--- SUPPLIED ENTRIES Enclosed Below ---

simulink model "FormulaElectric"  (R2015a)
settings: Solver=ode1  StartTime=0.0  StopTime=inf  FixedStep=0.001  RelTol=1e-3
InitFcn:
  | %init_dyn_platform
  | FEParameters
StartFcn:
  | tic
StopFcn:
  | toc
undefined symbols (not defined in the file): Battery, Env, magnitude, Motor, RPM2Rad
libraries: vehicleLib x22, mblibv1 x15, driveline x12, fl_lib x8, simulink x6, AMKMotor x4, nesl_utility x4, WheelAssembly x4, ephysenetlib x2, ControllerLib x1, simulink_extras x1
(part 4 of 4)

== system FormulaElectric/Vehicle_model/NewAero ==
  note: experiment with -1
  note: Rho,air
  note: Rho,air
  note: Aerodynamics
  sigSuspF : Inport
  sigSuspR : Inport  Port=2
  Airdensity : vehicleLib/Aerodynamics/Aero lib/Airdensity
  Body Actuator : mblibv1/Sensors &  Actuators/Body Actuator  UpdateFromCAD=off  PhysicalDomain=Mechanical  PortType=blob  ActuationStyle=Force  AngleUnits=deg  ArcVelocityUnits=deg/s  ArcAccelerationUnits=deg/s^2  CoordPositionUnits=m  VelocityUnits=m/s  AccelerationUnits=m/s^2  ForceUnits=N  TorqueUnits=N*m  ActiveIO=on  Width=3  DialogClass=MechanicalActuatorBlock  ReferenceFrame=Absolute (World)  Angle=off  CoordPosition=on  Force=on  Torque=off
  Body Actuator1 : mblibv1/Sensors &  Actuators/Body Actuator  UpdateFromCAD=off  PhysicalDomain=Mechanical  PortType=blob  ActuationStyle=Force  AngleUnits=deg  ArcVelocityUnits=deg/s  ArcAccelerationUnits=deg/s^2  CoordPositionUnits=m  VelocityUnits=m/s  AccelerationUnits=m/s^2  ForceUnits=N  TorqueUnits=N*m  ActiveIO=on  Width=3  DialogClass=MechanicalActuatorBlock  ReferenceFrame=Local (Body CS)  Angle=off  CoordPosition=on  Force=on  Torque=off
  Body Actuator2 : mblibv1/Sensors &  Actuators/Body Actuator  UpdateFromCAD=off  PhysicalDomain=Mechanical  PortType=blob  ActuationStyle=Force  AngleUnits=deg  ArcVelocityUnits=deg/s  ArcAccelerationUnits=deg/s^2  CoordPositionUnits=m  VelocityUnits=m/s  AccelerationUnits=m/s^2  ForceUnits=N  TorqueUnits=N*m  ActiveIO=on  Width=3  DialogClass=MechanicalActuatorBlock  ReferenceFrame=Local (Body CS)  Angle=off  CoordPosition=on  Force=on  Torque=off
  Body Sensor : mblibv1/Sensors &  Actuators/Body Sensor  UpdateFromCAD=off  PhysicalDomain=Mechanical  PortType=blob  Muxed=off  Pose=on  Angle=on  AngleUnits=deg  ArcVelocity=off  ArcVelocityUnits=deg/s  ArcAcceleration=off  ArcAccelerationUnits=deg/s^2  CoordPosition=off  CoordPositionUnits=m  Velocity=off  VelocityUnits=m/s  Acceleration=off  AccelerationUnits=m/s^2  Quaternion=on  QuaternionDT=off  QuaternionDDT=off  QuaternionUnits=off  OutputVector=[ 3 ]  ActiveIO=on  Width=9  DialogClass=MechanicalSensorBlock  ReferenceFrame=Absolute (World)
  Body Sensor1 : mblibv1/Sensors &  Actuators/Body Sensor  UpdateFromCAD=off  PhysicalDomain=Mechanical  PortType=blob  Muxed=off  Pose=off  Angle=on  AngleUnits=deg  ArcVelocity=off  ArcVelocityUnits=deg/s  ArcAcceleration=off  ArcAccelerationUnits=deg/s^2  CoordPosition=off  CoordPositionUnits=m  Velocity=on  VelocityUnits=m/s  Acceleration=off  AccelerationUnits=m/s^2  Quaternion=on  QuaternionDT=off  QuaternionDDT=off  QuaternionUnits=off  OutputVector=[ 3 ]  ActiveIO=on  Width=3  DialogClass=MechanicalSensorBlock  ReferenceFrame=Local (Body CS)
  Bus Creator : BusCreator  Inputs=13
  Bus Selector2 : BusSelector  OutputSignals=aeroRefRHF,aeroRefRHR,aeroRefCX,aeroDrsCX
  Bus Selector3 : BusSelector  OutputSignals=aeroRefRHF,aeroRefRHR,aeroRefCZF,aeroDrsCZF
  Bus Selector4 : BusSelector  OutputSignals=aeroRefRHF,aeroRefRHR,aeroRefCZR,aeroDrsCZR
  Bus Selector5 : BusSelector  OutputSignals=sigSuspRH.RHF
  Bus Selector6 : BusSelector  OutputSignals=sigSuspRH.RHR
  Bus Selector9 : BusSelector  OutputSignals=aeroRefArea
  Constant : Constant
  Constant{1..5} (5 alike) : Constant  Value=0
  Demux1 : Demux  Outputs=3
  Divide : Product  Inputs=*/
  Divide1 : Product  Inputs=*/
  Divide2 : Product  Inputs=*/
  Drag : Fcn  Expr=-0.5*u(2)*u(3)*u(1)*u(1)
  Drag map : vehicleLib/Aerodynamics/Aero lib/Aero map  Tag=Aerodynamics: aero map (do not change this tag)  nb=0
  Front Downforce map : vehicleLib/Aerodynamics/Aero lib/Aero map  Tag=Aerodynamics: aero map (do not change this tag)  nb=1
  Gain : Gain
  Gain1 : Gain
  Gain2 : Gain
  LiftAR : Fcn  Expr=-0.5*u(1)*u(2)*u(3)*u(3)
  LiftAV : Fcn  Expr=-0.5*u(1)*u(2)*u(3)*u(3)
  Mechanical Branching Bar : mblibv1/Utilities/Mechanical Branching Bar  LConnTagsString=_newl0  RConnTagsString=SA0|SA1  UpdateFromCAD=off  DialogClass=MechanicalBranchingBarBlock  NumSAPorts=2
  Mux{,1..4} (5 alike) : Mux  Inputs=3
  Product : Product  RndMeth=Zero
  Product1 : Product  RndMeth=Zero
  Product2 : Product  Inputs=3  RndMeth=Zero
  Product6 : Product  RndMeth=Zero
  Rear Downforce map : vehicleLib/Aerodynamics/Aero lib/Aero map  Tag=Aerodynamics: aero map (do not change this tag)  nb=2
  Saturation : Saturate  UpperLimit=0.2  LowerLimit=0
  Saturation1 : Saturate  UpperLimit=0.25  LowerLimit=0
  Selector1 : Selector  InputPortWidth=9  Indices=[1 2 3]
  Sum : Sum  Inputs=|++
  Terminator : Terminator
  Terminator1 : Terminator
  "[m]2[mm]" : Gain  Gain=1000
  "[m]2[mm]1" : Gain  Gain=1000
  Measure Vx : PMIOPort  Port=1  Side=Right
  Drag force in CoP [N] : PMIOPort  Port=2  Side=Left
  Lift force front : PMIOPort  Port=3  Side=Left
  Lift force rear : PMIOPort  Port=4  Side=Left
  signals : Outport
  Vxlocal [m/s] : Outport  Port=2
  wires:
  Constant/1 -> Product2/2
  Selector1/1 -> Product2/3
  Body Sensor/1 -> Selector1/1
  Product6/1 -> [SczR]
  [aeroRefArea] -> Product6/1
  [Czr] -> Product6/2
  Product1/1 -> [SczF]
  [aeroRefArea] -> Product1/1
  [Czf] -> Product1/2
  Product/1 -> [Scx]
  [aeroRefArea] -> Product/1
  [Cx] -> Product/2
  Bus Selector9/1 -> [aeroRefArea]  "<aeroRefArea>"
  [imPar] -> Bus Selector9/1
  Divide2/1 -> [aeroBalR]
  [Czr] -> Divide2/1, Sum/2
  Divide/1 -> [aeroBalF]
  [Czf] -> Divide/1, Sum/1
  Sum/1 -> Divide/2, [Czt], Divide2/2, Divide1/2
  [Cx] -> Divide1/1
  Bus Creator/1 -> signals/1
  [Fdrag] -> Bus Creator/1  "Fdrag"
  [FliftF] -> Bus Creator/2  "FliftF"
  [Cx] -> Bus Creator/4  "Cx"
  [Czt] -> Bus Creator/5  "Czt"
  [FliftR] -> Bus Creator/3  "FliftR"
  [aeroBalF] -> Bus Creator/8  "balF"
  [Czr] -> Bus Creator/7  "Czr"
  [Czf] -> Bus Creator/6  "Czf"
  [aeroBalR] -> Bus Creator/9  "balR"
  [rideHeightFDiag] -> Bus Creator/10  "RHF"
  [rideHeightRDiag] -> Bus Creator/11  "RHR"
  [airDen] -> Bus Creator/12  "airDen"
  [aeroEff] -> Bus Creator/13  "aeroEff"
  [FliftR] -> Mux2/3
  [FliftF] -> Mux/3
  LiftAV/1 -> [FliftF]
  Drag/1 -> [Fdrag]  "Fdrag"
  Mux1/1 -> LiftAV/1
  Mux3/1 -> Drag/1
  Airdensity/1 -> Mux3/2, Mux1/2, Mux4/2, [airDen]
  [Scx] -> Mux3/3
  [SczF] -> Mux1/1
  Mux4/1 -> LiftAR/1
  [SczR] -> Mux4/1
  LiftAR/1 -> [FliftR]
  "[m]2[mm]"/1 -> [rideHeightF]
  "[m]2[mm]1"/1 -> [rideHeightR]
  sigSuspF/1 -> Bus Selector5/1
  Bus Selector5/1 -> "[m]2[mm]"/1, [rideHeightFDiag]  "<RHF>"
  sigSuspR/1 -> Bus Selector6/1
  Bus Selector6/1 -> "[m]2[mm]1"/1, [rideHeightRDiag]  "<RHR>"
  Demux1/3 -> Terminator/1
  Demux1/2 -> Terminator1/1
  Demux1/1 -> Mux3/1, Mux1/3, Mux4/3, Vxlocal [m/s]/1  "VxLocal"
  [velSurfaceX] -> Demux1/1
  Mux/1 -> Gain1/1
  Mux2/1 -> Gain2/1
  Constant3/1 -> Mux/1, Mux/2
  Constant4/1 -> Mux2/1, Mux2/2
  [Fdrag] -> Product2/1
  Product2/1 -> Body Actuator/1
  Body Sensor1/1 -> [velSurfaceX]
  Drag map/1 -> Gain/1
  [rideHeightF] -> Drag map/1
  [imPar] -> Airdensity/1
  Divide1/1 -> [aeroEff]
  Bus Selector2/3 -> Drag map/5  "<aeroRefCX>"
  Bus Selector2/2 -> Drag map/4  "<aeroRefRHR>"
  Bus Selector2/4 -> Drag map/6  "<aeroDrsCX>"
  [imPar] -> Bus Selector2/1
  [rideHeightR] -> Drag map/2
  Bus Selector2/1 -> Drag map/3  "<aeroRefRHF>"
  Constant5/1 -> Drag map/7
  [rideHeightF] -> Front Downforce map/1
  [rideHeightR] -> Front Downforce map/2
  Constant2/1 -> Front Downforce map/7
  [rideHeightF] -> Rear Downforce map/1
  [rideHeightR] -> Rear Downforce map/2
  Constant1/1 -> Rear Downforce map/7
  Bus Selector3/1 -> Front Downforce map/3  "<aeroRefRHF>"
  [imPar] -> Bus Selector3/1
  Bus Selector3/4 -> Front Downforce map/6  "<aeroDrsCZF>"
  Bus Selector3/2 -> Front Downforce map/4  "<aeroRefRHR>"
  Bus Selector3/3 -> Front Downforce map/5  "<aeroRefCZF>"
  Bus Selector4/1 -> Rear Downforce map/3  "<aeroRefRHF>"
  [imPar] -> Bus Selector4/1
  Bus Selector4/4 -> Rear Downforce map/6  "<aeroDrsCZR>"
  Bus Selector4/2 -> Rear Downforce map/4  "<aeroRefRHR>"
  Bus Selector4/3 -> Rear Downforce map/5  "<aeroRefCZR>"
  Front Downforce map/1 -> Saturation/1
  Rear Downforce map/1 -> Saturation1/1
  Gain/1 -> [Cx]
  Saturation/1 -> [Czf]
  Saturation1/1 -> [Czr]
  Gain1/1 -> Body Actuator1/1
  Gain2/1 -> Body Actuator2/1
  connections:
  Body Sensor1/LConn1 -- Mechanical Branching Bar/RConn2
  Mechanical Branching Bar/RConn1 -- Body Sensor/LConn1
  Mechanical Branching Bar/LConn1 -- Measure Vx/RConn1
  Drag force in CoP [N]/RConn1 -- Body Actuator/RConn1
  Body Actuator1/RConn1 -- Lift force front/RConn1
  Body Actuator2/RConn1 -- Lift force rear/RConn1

--- End of Enclosed SUPPLIED ENTRIES ---

• DIRECTIONS FOR THIS TASK: Check the listing above for "aeroBalF". Show every line where it turns up.

• TASK RESULT:
  Divide/1 -> [aeroBalF]
  [aeroBalF] -> Bus Creator/8  "balF"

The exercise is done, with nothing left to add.